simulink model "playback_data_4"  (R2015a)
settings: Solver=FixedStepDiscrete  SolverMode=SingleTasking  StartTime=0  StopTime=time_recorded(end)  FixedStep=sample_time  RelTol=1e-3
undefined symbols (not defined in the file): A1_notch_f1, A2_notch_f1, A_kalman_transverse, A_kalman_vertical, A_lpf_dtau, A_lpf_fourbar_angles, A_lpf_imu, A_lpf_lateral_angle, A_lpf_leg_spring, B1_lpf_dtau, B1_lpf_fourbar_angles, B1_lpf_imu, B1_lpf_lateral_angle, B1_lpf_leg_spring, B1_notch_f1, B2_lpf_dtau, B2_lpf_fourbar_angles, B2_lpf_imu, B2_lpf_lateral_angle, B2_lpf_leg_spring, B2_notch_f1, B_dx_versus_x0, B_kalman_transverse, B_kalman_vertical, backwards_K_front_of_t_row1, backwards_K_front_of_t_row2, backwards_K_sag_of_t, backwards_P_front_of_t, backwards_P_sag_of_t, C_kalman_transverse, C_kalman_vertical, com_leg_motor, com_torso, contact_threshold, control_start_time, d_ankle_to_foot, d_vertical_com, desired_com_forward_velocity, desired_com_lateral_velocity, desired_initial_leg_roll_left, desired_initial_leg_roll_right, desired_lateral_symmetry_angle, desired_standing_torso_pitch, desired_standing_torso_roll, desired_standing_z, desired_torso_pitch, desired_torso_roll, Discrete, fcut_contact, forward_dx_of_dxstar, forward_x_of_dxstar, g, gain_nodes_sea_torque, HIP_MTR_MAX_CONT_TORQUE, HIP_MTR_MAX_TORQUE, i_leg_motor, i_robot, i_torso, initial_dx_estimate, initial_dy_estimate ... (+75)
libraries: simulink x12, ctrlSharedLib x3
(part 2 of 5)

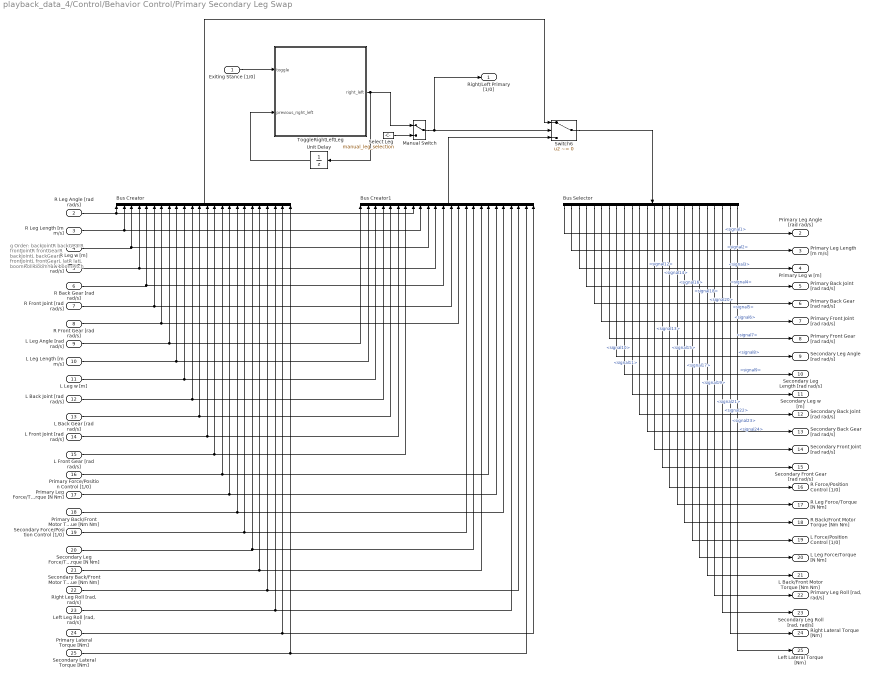
== system playback_data_4/Control/Behavior Control/Primary Secondary Leg Swap ==
  note: q Order:
      |
      | backJointR
      | backGearR
      | frontJointR
      | frontGearR
      |
      | backJointL
      | backGearL
      | frontJointL
      | frontGearL
      |
      | latR
      | latL
      |
      | boomRoll
      | boomYaw
      | boomPitch
  Exiting Stance [1/0] : Inport
  R Leg Angle [rad rad/s] : Inport  Port=2
  R Leg Length [m m/s] : Inport  Port=3
  R Leg w [m] : Inport  Port=4
  R Back Joint [rad rad/s] : Inport  Port=5
  R Back Gear [rad rad/s] : Inport  Port=6
  R Front Joint [rad rad/s] : Inport  Port=7
  R Front Gear [rad rad/s] : Inport  Port=8
  L Leg Angle [rad rad/s] : Inport  Port=9
  L Leg Length [m m/s] : Inport  Port=10
  L Leg w [m] : Inport  Port=11
  L Back Joint [rad rad/s] : Inport  Port=12
  L Back Gear [rad rad/s] : Inport  Port=13
  L Front Joint [rad rad/s] : Inport  Port=14
  L Front Gear [rad rad/s] : Inport  Port=15
  Primary Force/Position Control [1/0] : Inport  Port=16
  Primary Leg Force/Torque [N Nm] : Inport  Port=17
  Primary Back/Front Motor Torque [Nm Nm] : Inport  Port=18
  Secondary Force/Position Control [1/0] : Inport  Port=19
  Secondary Leg Force/Torque [N Nm] : Inport  Port=20
  Secondary Back/Front Motor Torque [Nm Nm] : Inport  Port=21
  "Right Leg Roll [rad, rad/s]" : Inport  Port=22
  "Left Leg Roll [rad, rad/s]" : Inport  Port=23
  Primary Lateral Torque [Nm] : Inport  Port=24
  Secondary Lateral Torque [Nm] : Inport  Port=25
  Bus Creator : BusCreator  Inputs=24
  Bus Creator1 : BusCreator  Inputs=24
  Bus Selector : BusSelector  OutputSignals=signal1,signal2,signal3,signal4,signal5,signal6,signal7,signal8,signal9,signal10,signal11,signal12,signal13,signal14,signal15,signal16,signal17,signal18,signal19,signal20,signal21,signal22,signal23,signal24
  Manual Switch : ManualSwitch
  Select Leg : Constant  Value=manual_leg_selection  OutDataTypeStr=boolean
  Switch6 : Switch  Criteria=u2 ~= 0  OutDataTypeStr=Inherit: Inherit via back propagation  ZeroCross=off
  ToggleRightLeftLeg : MATLAB Function  TreatAsAtomicUnit=on
      settings: MinAlgLoopOccurrences=on
  Unit Delay : UnitDelay  InitialCondition=manual_leg_selection  SampleTime=sample_time
  Right/Left Primary [1/0] : Outport
  Primary Leg Angle [rad rad/s] : Outport  Port=2
  Primary Leg Length [m m/s] : Outport  Port=3
  Primary Leg w [m] : Outport  Port=4
  Primary Back Joint [rad rad/s] : Outport  Port=5
  Primary Back Gear [rad rad/s] : Outport  Port=6
  Primary Front Joint [rad rad/s] : Outport  Port=7
  Primary Front Gear [rad rad/s] : Outport  Port=8
  Secondary Leg Angle [rad rad/s] : Outport  Port=9
  Secondary Leg Length [rad rad/s] : Outport  Port=10
  Secondary Leg w [m] : Outport  Port=11
  Secondary Back Joint [rad rad/s] : Outport  Port=12
  Secondary Back Gear [rad rad/s] : Outport  Port=13
  Secondary Front Joint [rad rad/s] : Outport  Port=14
  Secondary Front Gear [rad rad/s] : Outport  Port=15
  R Force/Position Control [1/0] : Outport  Port=16
  R Leg Force/Torque [N Nm] : Outport  Port=17
  R Back/Front Motor Torque [Nm Nm] : Outport  Port=18
  L Force/Position Control [1/0] : Outport  Port=19
  L Leg Force/Torque [N Nm] : Outport  Port=20
  L Back/Front Motor Torque [Nm Nm] : Outport  Port=21
  "Primary Leg Roll [rad, rad/s]" : Outport  Port=22
  "Secondary Leg Roll [rad, rad/s]" : Outport  Port=23
  Right Lateral Torque [Nm] : Outport  Port=24
  Left Lateral Torque [Nm] : Outport  Port=25
  wires:
  Bus Selector/24 -> Left Lateral Torque [Nm]/1  "<signal24>"
  Bus Selector/23 -> Right Lateral Torque [Nm]/1  "<signal23>"
  Secondary Lateral Torque [Nm]/1 -> Bus Creator/24, Bus Creator1/23
  Primary Lateral Torque [Nm]/1 -> Bus Creator/23, Bus Creator1/24
  Bus Selector/22 -> "Secondary Leg Roll [rad, rad/s]"/1  "<signal22>"
  Bus Selector/21 -> "Primary Leg Roll [rad, rad/s]"/1  "<signal21>"
  "Left Leg Roll [rad, rad/s]"/1 -> Bus Creator/22, Bus Creator1/21
  "Right Leg Roll [rad, rad/s]"/1 -> Bus Creator/21, Bus Creator1/22
  Bus Selector/20 -> L Back/Front Motor Torque [Nm Nm]/1  "<signal20>"
  Bus Selector/19 -> L Leg Force/Torque [N Nm]/1  "<signal19>"
  Bus Selector/18 -> L Force/Position Control [1/0]/1  "<signal18>"
  Bus Selector/17 -> R Back/Front Motor Torque [Nm Nm]/1  "<signal17>"
  Bus Selector/16 -> R Leg Force/Torque [N Nm]/1  "<signal16>"
  Bus Selector/15 -> R Force/Position Control [1/0]/1  "<signal15>"
  Bus Selector/14 -> Secondary Front Gear [rad rad/s]/1  "<signal14>"
  Bus Selector/13 -> Secondary Front Joint [rad rad/s]/1  "<signal13>"
  Bus Selector/12 -> Secondary Back Gear [rad rad/s]/1  "<signal12>"
  Bus Selector/11 -> Secondary Back Joint [rad rad/s]/1  "<signal11>"
  Bus Selector/10 -> Secondary Leg w [m]/1  "<signal10>"
  Bus Selector/9 -> Secondary Leg Length [rad rad/s]/1  "<signal9>"
  Bus Selector/8 -> Secondary Leg Angle [rad rad/s]/1  "<signal8>"
  Bus Selector/7 -> Primary Front Gear [rad rad/s]/1  "<signal7>"
  Bus Selector/6 -> Primary Front Joint [rad rad/s]/1  "<signal6>"
  Bus Selector/5 -> Primary Back Gear [rad rad/s]/1  "<signal5>"
  Bus Selector/4 -> Primary Back Joint [rad rad/s]/1  "<signal4>"
  Bus Selector/3 -> Primary Leg w [m]/1  "<signal3>"
  Bus Selector/2 -> Primary Leg Length [m m/s]/1  "<signal2>"
  Bus Selector/1 -> Primary Leg Angle [rad rad/s]/1  "<signal1>"
  Switch6/1 -> Bus Selector/1
  Secondary Back/Front Motor Torque [Nm Nm]/1 -> Bus Creator/20, Bus Creator1/17
  Secondary Leg Force/Torque [N Nm]/1 -> Bus Creator/19, Bus Creator1/16
  Secondary Force/Position Control [1/0]/1 -> Bus Creator/18, Bus Creator1/15
  Primary Back/Front Motor Torque [Nm Nm]/1 -> Bus Creator/17, Bus Creator1/20
  Primary Leg Force/Torque [N Nm]/1 -> Bus Creator/16, Bus Creator1/19
  Primary Force/Position Control [1/0]/1 -> Bus Creator/15, Bus Creator1/18
  L Front Gear [rad rad/s]/1 -> Bus Creator/14, Bus Creator1/7
  L Front Joint [rad rad/s]/1 -> Bus Creator1/6, Bus Creator/13
  L Back Gear [rad rad/s]/1 -> Bus Creator/12, Bus Creator1/5
  L Back Joint [rad rad/s]/1 -> Bus Creator/11, Bus Creator1/4
  L Leg w [m]/1 -> Bus Creator/10, Bus Creator1/3
  L Leg Length [m m/s]/1 -> Bus Creator/9, Bus Creator1/2
  L Leg Angle [rad rad/s]/1 -> Bus Creator/8, Bus Creator1/1
  R Front Gear [rad rad/s]/1 -> Bus Creator/7, Bus Creator1/14
  R Front Joint [rad rad/s]/1 -> Bus Creator/6, Bus Creator1/13
  R Back Gear [rad rad/s]/1 -> Bus Creator/5, Bus Creator1/12
  R Back Joint [rad rad/s]/1 -> Bus Creator/4, Bus Creator1/11
  Bus Creator1/1 -> Switch6/3
  Bus Creator/1 -> Switch6/1
  R Leg Length [m m/s]/1 -> Bus Creator/2, Bus Creator1/9
  R Leg Angle [rad rad/s]/1 -> Bus Creator/1, Bus Creator1/8
  R Leg w [m]/1 -> Bus Creator/3, Bus Creator1/10
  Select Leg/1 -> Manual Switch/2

....

Go back to the listing above. Copy word for word the lines from the one with "Bus Selector/5 ->" through the one with "Primary Back/Front Motor Torque [Nm Nm]/1", and nothing more.

SOLUTION TO THE EXERCISE:
  Bus Selector/5 -> Primary Back Gear [rad rad/s]/1  "<signal5>"
  Bus Selector/4 -> Primary Back Joint [rad rad/s]/1  "<signal4>"
  Bus Selector/3 -> Primary Leg w [m]/1  "<signal3>"
  Bus Selector/2 -> Primary Leg Length [m m/s]/1  "<signal2>"
  Bus Selector/1 -> Primary Leg Angle [rad rad/s]/1  "<signal1>"
  Switch6/1 -> Bus Selector/1
  Secondary Back/Front Motor Torque [Nm Nm]/1 -> Bus Creator/20, Bus Creator1/17
  Secondary Leg Force/Torque [N Nm]/1 -> Bus Creator/19, Bus Creator1/16
  Secondary Force/Position Control [1/0]/1 -> Bus Creator/18, Bus Creator1/15
  Primary Back/Front Motor Torque [Nm Nm]/1 -> Bus Creator/17, Bus Creator1/20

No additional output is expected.